Causal Knowledge Transfer for Multi-Agent Reinforcement Learning in Dynamic Environments
This work addresses the challenge of efficient adaptation for multi-agent systems in dynamic settings, though it appears incremental as it builds on existing knowledge transfer methods with a causal approach.
The paper tackles the problem of transferring knowledge across agents in non-stationary multi-agent reinforcement learning environments, where traditional methods struggle with generalization and require costly retraining. It introduces a causal knowledge transfer framework that enables agents to share compact causal representations, resulting in agents bridging about half the gap between random exploration and a fully retrained policy when adapting to new environments.

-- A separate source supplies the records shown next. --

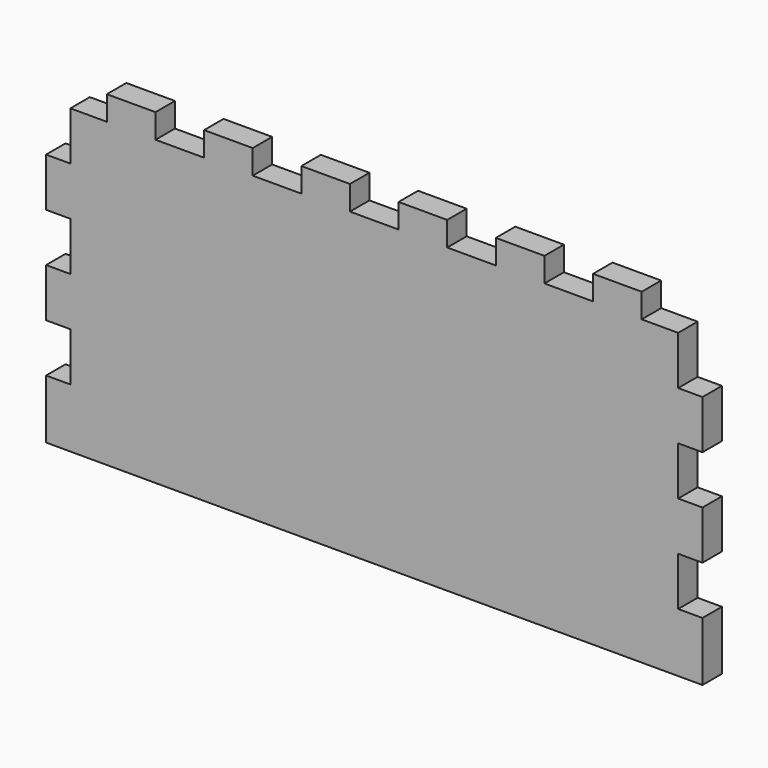
from build123d import *

# Parameters (mm, degrees)
F1_DEPTH = 10


# Not quite as in the source:
# - a feature names something its author has since deleted; it is built from what else it names


with BuildPart() as f1:
    # F0 (on Front) → F1 (new body)
    with BuildSketch(Plane.XZ):
        Polygon((135, -100), (135, -110), (115, -110), (115, -100), (95, -100), (95, -110), (75, -110), (75, -100), (55, -100), (55, -110), (35, -110), (35, -100), (15, -100), (15, -110), (0, -110), (0, -130), (-10, -130), (-10, -150), (0, -150), (0, -170), (-10, -170), (-10, -190), (0, -190), (0, -210), (-10, -210), (-10, -234.2857142857), (260, -234.2857142857), (260, -210), (250, -210), (250, -190), (260, -190), (260, -170), (250, -170), (250, -150), (260, -150), (260, -130), (250, -130), (250, -110), (235, -110), (235, -100), (215, -100), (215, -110), (195, -110), (195, -100), (175, -100), (175, -110), (155, -110), (155, -100), align=None)
    extrude(amount=-F1_DEPTH)


solid = f1.part

[Context] Multi-agent reinforcement learning (MARL) has achieved notable success in environments where agents must learn coordinated behaviors. However, transferring knowledge across agents remains challenging in non-stationary environments with changing goals. [Problem] Traditional knowledge transfer methods in MARL struggle to generalize, and agents often require costly retraining to adapt. [Approach] This paper introduces a causal knowledge transfer framework that enables RL agents to learn and share compact causal representations of paths within a non-stationary environment. As the environment changes (new obstacles), agents' collisions require adaptive recovery strategies. We model each collision as a causal intervention instantiated as a sequence of recovery actions (a macro) whose effect corresponds to a causal knowledge of how to circumvent the obstacle while increasing the chances of achieving the agent's goal (maximizing cumulative reward). This recovery action macro is transferred online from a second agent and is applied in a zero-shot fashion, i.e., without retraining, just by querying a lookup model with local context information (collisions). [Results] Our findings reveal two key insights: (1) agents with heterogeneous goals were able to bridge about half of the gap between random exploration and a fully retrained policy when adapting to new environments, and (2) the impact of causal knowledge transfer depends on the interplay between environment complexity and agents' heterogeneous goals.